Data entries:
= = =
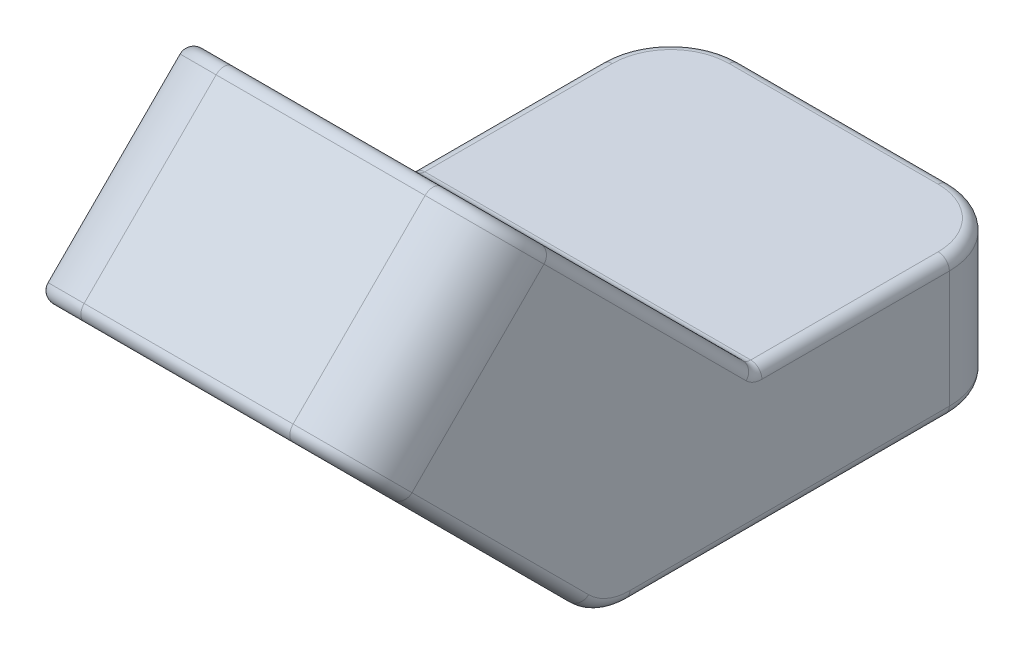
ISO-10303-21;
HEADER;
FILE_DESCRIPTION(('STEP AP214'),'2;1');
FILE_NAME('part.step','',(''),(''),'','','');
FILE_SCHEMA(('AUTOMOTIVE_DESIGN { 1 0 10303 214 1 1 1 1 }'));
ENDSEC;
DATA;
#1=APPLICATION_CONTEXT('core data for automotive mechanical design processes');
#2=APPLICATION_PROTOCOL_DEFINITION('international standard','automotive_design',2000,#1);
#3=PRODUCT_CONTEXT('',#1,'mechanical');
#4=PRODUCT('Part','Part','',(#3));
#5=PRODUCT_RELATED_PRODUCT_CATEGORY('part','',(#4));
#6=PRODUCT_DEFINITION_FORMATION('','',#4);
#7=PRODUCT_DEFINITION_CONTEXT('part definition',#1,'design');
#8=PRODUCT_DEFINITION('design','',#6,#7);
#9=PRODUCT_DEFINITION_SHAPE('','',#8);
#10=(LENGTH_UNIT() NAMED_UNIT(*) SI_UNIT(.MILLI.,.METRE.));
#11=(NAMED_UNIT(*) PLANE_ANGLE_UNIT() SI_UNIT($,.RADIAN.));
#12=(NAMED_UNIT(*) SI_UNIT($,.STERADIAN.) SOLID_ANGLE_UNIT());
#13=UNCERTAINTY_MEASURE_WITH_UNIT(LENGTH_MEASURE(1.E-05),#10,'distance_accuracy_value','');
#14=(GEOMETRIC_REPRESENTATION_CONTEXT(3) GLOBAL_UNCERTAINTY_ASSIGNED_CONTEXT((#13)) GLOBAL_UNIT_ASSIGNED_CONTEXT((#10,
#11,#12)) REPRESENTATION_CONTEXT('',''));
#15=CARTESIAN_POINT('',(0.,0.,0.));
#16=DIRECTION('',(0.,0.,1.));
#17=DIRECTION('',(1.,0.,0.));
#18=AXIS2_PLACEMENT_3D('',#15,#16,#17);
#19=CARTESIAN_POINT('',(15.875,6.35,0.));
#20=DIRECTION('',(0.,0.,1.));
#21=DIRECTION('',(0.,-1.,0.));
#22=AXIS2_PLACEMENT_3D('',#19,#20,#21);
#23=PLANE('',#22);
#24=DIRECTION('',(0.,1.,0.));
#25=VECTOR('',#24,1.);
#26=CARTESIAN_POINT('',(12.7,6.35,0.));
#27=LINE('',#26,#25);
#28=CARTESIAN_POINT('',(12.7,5.842,0.));
#29=VERTEX_POINT('',#28);
#30=CARTESIAN_POINT('',(12.7,0.508,0.));
#31=VERTEX_POINT('',#30);
#32=EDGE_CURVE('E517',#29,#31,#27,.F.);
#33=ORIENTED_EDGE('',*,*,#32,.T.);
#34=DIRECTION('',(-1.,0.,0.));
#35=VECTOR('',#34,1.);
#36=CARTESIAN_POINT('',(15.875,0.508,0.));
#37=LINE('',#36,#35);
#38=CARTESIAN_POINT('',(3.175,0.508,0.));
#39=VERTEX_POINT('',#38);
#40=EDGE_CURVE('E388',#31,#39,#37,.T.);
#41=ORIENTED_EDGE('',*,*,#40,.T.);
#42=DIRECTION('',(0.,1.,0.));
#43=VECTOR('',#42,1.);
#44=CARTESIAN_POINT('',(3.175,6.35,0.));
#45=LINE('',#44,#43);
#46=CARTESIAN_POINT('',(3.175,5.842,0.));
#47=VERTEX_POINT('',#46);
#48=EDGE_CURVE('E513',#39,#47,#45,.T.);
#49=ORIENTED_EDGE('',*,*,#48,.T.);
#50=DIRECTION('',(-1.,0.,0.));
#51=VECTOR('',#50,1.);
#52=CARTESIAN_POINT('',(15.875,5.842,0.));
#53=LINE('',#52,#51);
#54=EDGE_CURVE('E391',#47,#29,#53,.F.);
#55=ORIENTED_EDGE('',*,*,#54,.T.);
#56=EDGE_LOOP('',(#33,#41,#49,#55));
#57=FACE_BOUND('',#56,.T.);
#58=ADVANCED_FACE('F47',(#57),#23,.F.);
#59=CARTESIAN_POINT('',(15.875,6.35,11.9296158183963));
#60=DIRECTION('',(0.,-1.,0.));
#61=DIRECTION('',(0.,0.,-1.));
#62=AXIS2_PLACEMENT_3D('',#59,#60,#61);
#63=PLANE('',#62);
#64=CARTESIAN_POINT('',(3.175,6.35,3.175));
#65=DIRECTION('',(0.,-1.,0.));
#66=DIRECTION('',(0.,0.,-1.));
#67=AXIS2_PLACEMENT_3D('',#64,#65,#66);
#68=CIRCLE('',#67,2.667);
#69=CARTESIAN_POINT('',(3.175,6.35,0.507999999999998));
#70=VERTEX_POINT('',#69);
#71=CARTESIAN_POINT('',(0.508000000000001,6.35,3.175));
#72=VERTEX_POINT('',#71);
#73=EDGE_CURVE('E372',#70,#72,#68,.F.);
#74=ORIENTED_EDGE('',*,*,#73,.T.);
#75=DIRECTION('',(0.,0.,1.));
#76=VECTOR('',#75,1.);
#77=CARTESIAN_POINT('',(0.508,6.35,11.9296158183963));
#78=LINE('',#77,#76);
#79=CARTESIAN_POINT('',(0.508,6.35,11.7191953287107));
#80=VERTEX_POINT('',#79);
#81=EDGE_CURVE('E368',#72,#80,#78,.T.);
#82=ORIENTED_EDGE('',*,*,#81,.T.);
#83=DIRECTION('',(-1.,0.,0.));
#84=VECTOR('',#83,1.);
#85=CARTESIAN_POINT('',(15.875,6.35,11.7191953287107));
#86=LINE('',#85,#84);
#87=CARTESIAN_POINT('',(15.367,6.35,11.7191953287107));
#88=VERTEX_POINT('',#87);
#89=EDGE_CURVE('E381',#80,#88,#86,.F.);
#90=ORIENTED_EDGE('',*,*,#89,.T.);
#91=DIRECTION('',(0.,0.,1.));
#92=VECTOR('',#91,1.);
#93=CARTESIAN_POINT('',(15.367,6.35,11.9296158183963));
#94=LINE('',#93,#92);
#95=CARTESIAN_POINT('',(15.367,6.35,3.175));
#96=VERTEX_POINT('',#95);
#97=EDGE_CURVE('E248',#88,#96,#94,.F.);
#98=ORIENTED_EDGE('',*,*,#97,.T.);
#99=CARTESIAN_POINT('',(12.7,6.35,3.175));
#100=DIRECTION('',(0.,-1.,0.));
#101=DIRECTION('',(0.,0.,-1.));
#102=AXIS2_PLACEMENT_3D('',#99,#100,#101);
#103=CIRCLE('',#102,2.667);
#104=CARTESIAN_POINT('',(12.7,6.35,0.507999999999998));
#105=VERTEX_POINT('',#104);
#106=EDGE_CURVE('E378',#96,#105,#103,.F.);
#107=ORIENTED_EDGE('',*,*,#106,.T.);
#108=DIRECTION('',(-1.,0.,0.));
#109=VECTOR('',#108,1.);
#110=CARTESIAN_POINT('',(15.875,6.35,0.507999999999998));
#111=LINE('',#110,#109);
#112=EDGE_CURVE('E375',#105,#70,#111,.T.);
#113=ORIENTED_EDGE('',*,*,#112,.T.);
#114=EDGE_LOOP('',(#74,#82,#90,#98,#107,#113));
#115=FACE_BOUND('',#114,.T.);
#116=ADVANCED_FACE('F552',(#115),#63,.F.);
#117=CARTESIAN_POINT('',(15.875,17.9605122421383,23.5401280605345));
#118=DIRECTION('',(0.,-0.707106781186546,0.707106781186549));
#119=DIRECTION('',(0.,-0.707106781186549,-0.707106781186546));
#120=AXIS2_PLACEMENT_3D('',#117,#118,#119);
#121=PLANE('',#120);
#122=DIRECTION('',(-1.,0.,0.));
#123=VECTOR('',#122,1.);
#124=CARTESIAN_POINT('',(0.,6.49878975515723,12.0784055735535));
#125=LINE('',#124,#123);
#126=CARTESIAN_POINT('',(15.367,6.49878975515723,12.0784055735535));
#127=VERTEX_POINT('',#126);
#128=CARTESIAN_POINT('',(0.508,6.49878975515723,12.0784055735535));
#129=VERTEX_POINT('',#128);
#130=EDGE_CURVE('E362',#127,#129,#125,.T.);
#131=ORIENTED_EDGE('',*,*,#130,.T.);
#132=DIRECTION('',(0.,0.707106781186549,0.707106781186546));
#133=VECTOR('',#132,1.);
#134=CARTESIAN_POINT('',(0.508,15.715448211871,21.2950640302673));
#135=LINE('',#134,#133);
#136=CARTESIAN_POINT('',(0.508000000000001,15.715448211871,21.2950640302673));
#137=VERTEX_POINT('',#136);
#138=EDGE_CURVE('E11',#129,#137,#135,.T.);
#139=ORIENTED_EDGE('',*,*,#138,.T.);
#140=CARTESIAN_POINT('',(3.175,15.715448211871,21.2950640302673));
#141=DIRECTION('',(0.,-0.707106781186546,0.707106781186549));
#142=DIRECTION('',(0.,-0.707106781186549,-0.707106781186546));
#143=AXIS2_PLACEMENT_3D('',#140,#141,#142);
#144=CIRCLE('',#143,2.667);
#145=CARTESIAN_POINT('',(3.175,17.6013019972955,23.1809178156918));
#146=VERTEX_POINT('',#145);
#147=EDGE_CURVE('E57',#137,#146,#144,.F.);
#148=ORIENTED_EDGE('',*,*,#147,.T.);
#149=DIRECTION('',(-1.,0.,0.));
#150=VECTOR('',#149,1.);
#151=CARTESIAN_POINT('',(15.875,17.6013019972955,23.1809178156918));
#152=LINE('',#151,#150);
#153=CARTESIAN_POINT('',(12.7,17.6013019972955,23.1809178156918));
#154=VERTEX_POINT('',#153);
#155=EDGE_CURVE('E356',#146,#154,#152,.F.);
#156=ORIENTED_EDGE('',*,*,#155,.T.);
#157=CARTESIAN_POINT('',(12.7,15.715448211871,21.2950640302673));
#158=DIRECTION('',(0.,-0.707106781186546,0.707106781186549));
#159=DIRECTION('',(0.,-0.707106781186549,-0.707106781186546));
#160=AXIS2_PLACEMENT_3D('',#157,#158,#159);
#161=CIRCLE('',#160,2.667);
#162=CARTESIAN_POINT('',(15.367,15.715448211871,21.2950640302673));
#163=VERTEX_POINT('',#162);
#164=EDGE_CURVE('E359',#154,#163,#161,.F.);
#165=ORIENTED_EDGE('',*,*,#164,.T.);
#166=DIRECTION('',(0.,0.707106781186549,0.707106781186546));
#167=VECTOR('',#166,1.);
#168=CARTESIAN_POINT('',(15.367,17.9605122421383,23.5401280605345));
#169=LINE('',#168,#167);
#170=EDGE_CURVE('E365',#163,#127,#169,.F.);
#171=ORIENTED_EDGE('',*,*,#170,.T.);
#172=EDGE_LOOP('',(#131,#139,#148,#156,#165,#171));
#173=FACE_BOUND('',#172,.T.);
#174=CARTESIAN_POINT('',(7.9375,11.5585485502201,17.1381643686164));
#175=DIRECTION('',(0.,-0.707106781186546,0.707106781186549));
#176=DIRECTION('',(0.,-0.707106781186549,-0.707106781186546));
#177=AXIS2_PLACEMENT_3D('',#174,#175,#176);
#178=CIRCLE('',#177,6.47699999999998);
#179=CARTESIAN_POINT('',(7.9375,6.97861792847485,12.5582337468711));
#180=VERTEX_POINT('',#179);
#181=EDGE_CURVE('E520',#180,#180,#178,.T.);
#182=ORIENTED_EDGE('',*,*,#181,.T.);
#183=EDGE_LOOP('',(#182));
#184=FACE_BOUND('',#183,.T.);
#185=ADVANCED_FACE('F558',(#173,#184),#121,.F.);
#186=CARTESIAN_POINT('',(15.875,11.2253201513365,30.2753201513364));
#187=DIRECTION('',(0.,-0.707106781186549,-0.707106781186546));
#188=DIRECTION('',(0.,0.707106781186546,-0.707106781186549));
#189=AXIS2_PLACEMENT_3D('',#186,#187,#188);
#190=PLANE('',#189);
#191=DIRECTION('',(0.,-0.707106781186546,0.707106781186549));
#192=VECTOR('',#191,1.);
#193=CARTESIAN_POINT('',(3.175,11.2253201513365,30.2753201513364));
#194=LINE('',#193,#192);
#195=CARTESIAN_POINT('',(3.175,17.6013019972955,23.8993383053773));
#196=VERTEX_POINT('',#195);
#197=CARTESIAN_POINT('',(3.175,11.5845303961792,29.9161099064937));
#198=VERTEX_POINT('',#197);
#199=EDGE_CURVE('E492',#196,#198,#194,.T.);
#200=ORIENTED_EDGE('',*,*,#199,.T.);
#201=DIRECTION('',(-1.,0.,0.));
#202=VECTOR('',#201,1.);
#203=CARTESIAN_POINT('',(15.875,11.5845303961792,29.9161099064937));
#204=LINE('',#203,#202);
#205=CARTESIAN_POINT('',(12.7,11.5845303961792,29.9161099064937));
#206=VERTEX_POINT('',#205);
#207=EDGE_CURVE('E440',#198,#206,#204,.F.);
#208=ORIENTED_EDGE('',*,*,#207,.T.);
#209=DIRECTION('',(0.,-0.707106781186546,0.707106781186549));
#210=VECTOR('',#209,1.);
#211=CARTESIAN_POINT('',(12.7,11.2253201513365,30.2753201513364));
#212=LINE('',#211,#210);
#213=CARTESIAN_POINT('',(12.7,17.6013019972955,23.8993383053773));
#214=VERTEX_POINT('',#213);
#215=EDGE_CURVE('E235',#206,#214,#212,.F.);
#216=ORIENTED_EDGE('',*,*,#215,.T.);
#217=DIRECTION('',(-1.,0.,0.));
#218=VECTOR('',#217,1.);
#219=CARTESIAN_POINT('',(15.875,17.6013019972955,23.8993383053773));
#220=LINE('',#219,#218);
#221=EDGE_CURVE('E443',#214,#196,#220,.T.);
#222=ORIENTED_EDGE('',*,*,#221,.T.);
#223=EDGE_LOOP('',(#200,#208,#216,#222));
#224=FACE_BOUND('',#223,.T.);
#225=ADVANCED_FACE('F724',(#224),#190,.F.);
#226=CARTESIAN_POINT('',(15.875,0.,19.05));
#227=DIRECTION('',(0.,0.707106781186546,-0.707106781186549));
#228=DIRECTION('',(0.,0.707106781186549,0.707106781186546));
#229=AXIS2_PLACEMENT_3D('',#226,#227,#228);
#230=PLANE('',#229);
#231=CARTESIAN_POINT('',(7.9375,4.82335645941826,23.8733564594183));
#232=DIRECTION('',(0.,0.707106781186546,-0.707106781186549));
#233=DIRECTION('',(0.,0.707106781186549,0.707106781186546));
#234=AXIS2_PLACEMENT_3D('',#231,#232,#233);
#235=CIRCLE('',#234,3.302);
#236=CARTESIAN_POINT('',(7.9375,7.15822305089625,26.2082230508962));
#237=VERTEX_POINT('',#236);
#238=EDGE_CURVE('E294',#237,#237,#235,.T.);
#239=ORIENTED_EDGE('',*,*,#238,.T.);
#240=EDGE_LOOP('',(#239));
#241=FACE_BOUND('',#240,.T.);
#242=DIRECTION('',(-1.,0.,0.));
#243=VECTOR('',#242,1.);
#244=CARTESIAN_POINT('',(15.875,0.929935969732714,19.9799359697327));
#245=LINE('',#244,#243);
#246=CARTESIAN_POINT('',(0.508,0.929935969732714,19.9799359697327));
#247=VERTEX_POINT('',#246);
#248=CARTESIAN_POINT('',(15.367,0.929935969732714,19.9799359697327));
#249=VERTEX_POINT('',#248);
#250=EDGE_CURVE('E488',#247,#249,#245,.F.);
#251=ORIENTED_EDGE('',*,*,#250,.T.);
#252=DIRECTION('',(0.,-0.707106781186549,-0.707106781186546));
#253=VECTOR('',#252,1.);
#254=CARTESIAN_POINT('',(15.367,0.,19.05));
#255=LINE('',#254,#253);
#256=CARTESIAN_POINT('',(15.367,8.98025612106917,28.0302561210691));
#257=VERTEX_POINT('',#256);
#258=EDGE_CURVE('E452',#249,#257,#255,.F.);
#259=ORIENTED_EDGE('',*,*,#258,.T.);
#260=CARTESIAN_POINT('',(12.7,8.98025612106917,28.0302561210691));
#261=DIRECTION('',(0.,0.707106781186546,-0.707106781186549));
#262=DIRECTION('',(0.,0.707106781186549,0.707106781186546));
#263=AXIS2_PLACEMENT_3D('',#260,#261,#262);
#264=CIRCLE('',#263,2.667);
#265=CARTESIAN_POINT('',(12.7,10.8661099064937,29.9161099064937));
#266=VERTEX_POINT('',#265);
#267=EDGE_CURVE('E455',#257,#266,#264,.F.);
#268=ORIENTED_EDGE('',*,*,#267,.T.);
#269=DIRECTION('',(-1.,0.,0.));
#270=VECTOR('',#269,1.);
#271=CARTESIAN_POINT('',(15.875,10.8661099064937,29.9161099064937));
#272=LINE('',#271,#270);
#273=CARTESIAN_POINT('',(3.175,10.8661099064937,29.9161099064937));
#274=VERTEX_POINT('',#273);
#275=EDGE_CURVE('E458',#266,#274,#272,.T.);
#276=ORIENTED_EDGE('',*,*,#275,.T.);
#277=CARTESIAN_POINT('',(3.175,8.98025612106917,28.0302561210691));
#278=DIRECTION('',(0.,0.707106781186546,-0.707106781186549));
#279=DIRECTION('',(0.,0.707106781186549,0.707106781186546));
#280=AXIS2_PLACEMENT_3D('',#277,#278,#279);
#281=CIRCLE('',#280,2.667);
#282=CARTESIAN_POINT('',(0.508,8.98025612106917,28.0302561210691));
#283=VERTEX_POINT('',#282);
#284=EDGE_CURVE('E461',#274,#283,#281,.F.);
#285=ORIENTED_EDGE('',*,*,#284,.T.);
#286=DIRECTION('',(0.,-0.707106781186549,-0.707106781186546));
#287=VECTOR('',#286,1.);
#288=CARTESIAN_POINT('',(0.508,0.929935969732715,19.9799359697327));
#289=LINE('',#288,#287);
#290=EDGE_CURVE('E464',#283,#247,#289,.T.);
#291=ORIENTED_EDGE('',*,*,#290,.T.);
#292=EDGE_LOOP('',(#251,#259,#268,#276,#285,#291));
#293=FACE_BOUND('',#292,.T.);
#294=ADVANCED_FACE('F532',(#241,#293),#230,.F.);
#295=CARTESIAN_POINT('',(15.875,0.,0.));
#296=DIRECTION('',(0.,1.,0.));
#297=DIRECTION('',(0.,0.,1.));
#298=AXIS2_PLACEMENT_3D('',#295,#296,#297);
#299=PLANE('',#298);
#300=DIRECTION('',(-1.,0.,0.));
= = =
GOAL OF THE EXERCISE:
Only one stretch of the records above is wanted: the lines between the one holding "#90=ORIENTED_EDGE('',*,*,#89,.T.);" and the one holding "#144=CIRCLE('',#143,2.667);", inclusive, reproduced exactly.

RESULT FOR THIS TASK:
#90=ORIENTED_EDGE('',*,*,#89,.T.);
#91=DIRECTION('',(0.,0.,1.));
#92=VECTOR('',#91,1.);
#93=CARTESIAN_POINT('',(15.367,6.35,11.9296158183963));
#94=LINE('',#93,#92);
#95=CARTESIAN_POINT('',(15.367,6.35,3.175));
#96=VERTEX_POINT('',#95);
#97=EDGE_CURVE('E248',#88,#96,#94,.F.);
#98=ORIENTED_EDGE('',*,*,#97,.T.);
#99=CARTESIAN_POINT('',(12.7,6.35,3.175));
#100=DIRECTION('',(0.,-1.,0.));
#101=DIRECTION('',(0.,0.,-1.));
#102=AXIS2_PLACEMENT_3D('',#99,#100,#101);
#103=CIRCLE('',#102,2.667);
#104=CARTESIAN_POINT('',(12.7,6.35,0.507999999999998));
#105=VERTEX_POINT('',#104);
#106=EDGE_CURVE('E378',#96,#105,#103,.F.);
#107=ORIENTED_EDGE('',*,*,#106,.T.);
#108=DIRECTION('',(-1.,0.,0.));
#109=VECTOR('',#108,1.);
#110=CARTESIAN_POINT('',(15.875,6.35,0.507999999999998));
#111=LINE('',#110,#109);
#112=EDGE_CURVE('E375',#105,#70,#111,.T.);
#113=ORIENTED_EDGE('',*,*,#112,.T.);
#114=EDGE_LOOP('',(#74,#82,#90,#98,#107,#113));
#115=FACE_BOUND('',#114,.T.);
#116=ADVANCED_FACE('F552',(#115),#63,.F.);
#117=CARTESIAN_POINT('',(15.875,17.9605122421383,23.5401280605345));
#118=DIRECTION('',(0.,-0.707106781186546,0.707106781186549));
#119=DIRECTION('',(0.,-0.707106781186549,-0.707106781186546));
#120=AXIS2_PLACEMENT_3D('',#117,#118,#119);
#121=PLANE('',#120);
#122=DIRECTION('',(-1.,0.,0.));
#123=VECTOR('',#122,1.);
#124=CARTESIAN_POINT('',(0.,6.49878975515723,12.0784055735535));
#125=LINE('',#124,#123);
#126=CARTESIAN_POINT('',(15.367,6.49878975515723,12.0784055735535));
#127=VERTEX_POINT('',#126);
#128=CARTESIAN_POINT('',(0.508,6.49878975515723,12.0784055735535));
#129=VERTEX_POINT('',#128);
#130=EDGE_CURVE('E362',#127,#129,#125,.T.);
#131=ORIENTED_EDGE('',*,*,#130,.T.);
#132=DIRECTION('',(0.,0.707106781186549,0.707106781186546));
#133=VECTOR('',#132,1.);
#134=CARTESIAN_POINT('',(0.508,15.715448211871,21.2950640302673));
#135=LINE('',#134,#133);
#136=CARTESIAN_POINT('',(0.508000000000001,15.715448211871,21.2950640302673));
#137=VERTEX_POINT('',#136);
#138=EDGE_CURVE('E11',#129,#137,#135,.T.);
#139=ORIENTED_EDGE('',*,*,#138,.T.);
#140=CARTESIAN_POINT('',(3.175,15.715448211871,21.2950640302673));
#141=DIRECTION('',(0.,-0.707106781186546,0.707106781186549));
#142=DIRECTION('',(0.,-0.707106781186549,-0.707106781186546));
#143=AXIS2_PLACEMENT_3D('',#140,#141,#142);
#144=CIRCLE('',#143,2.667);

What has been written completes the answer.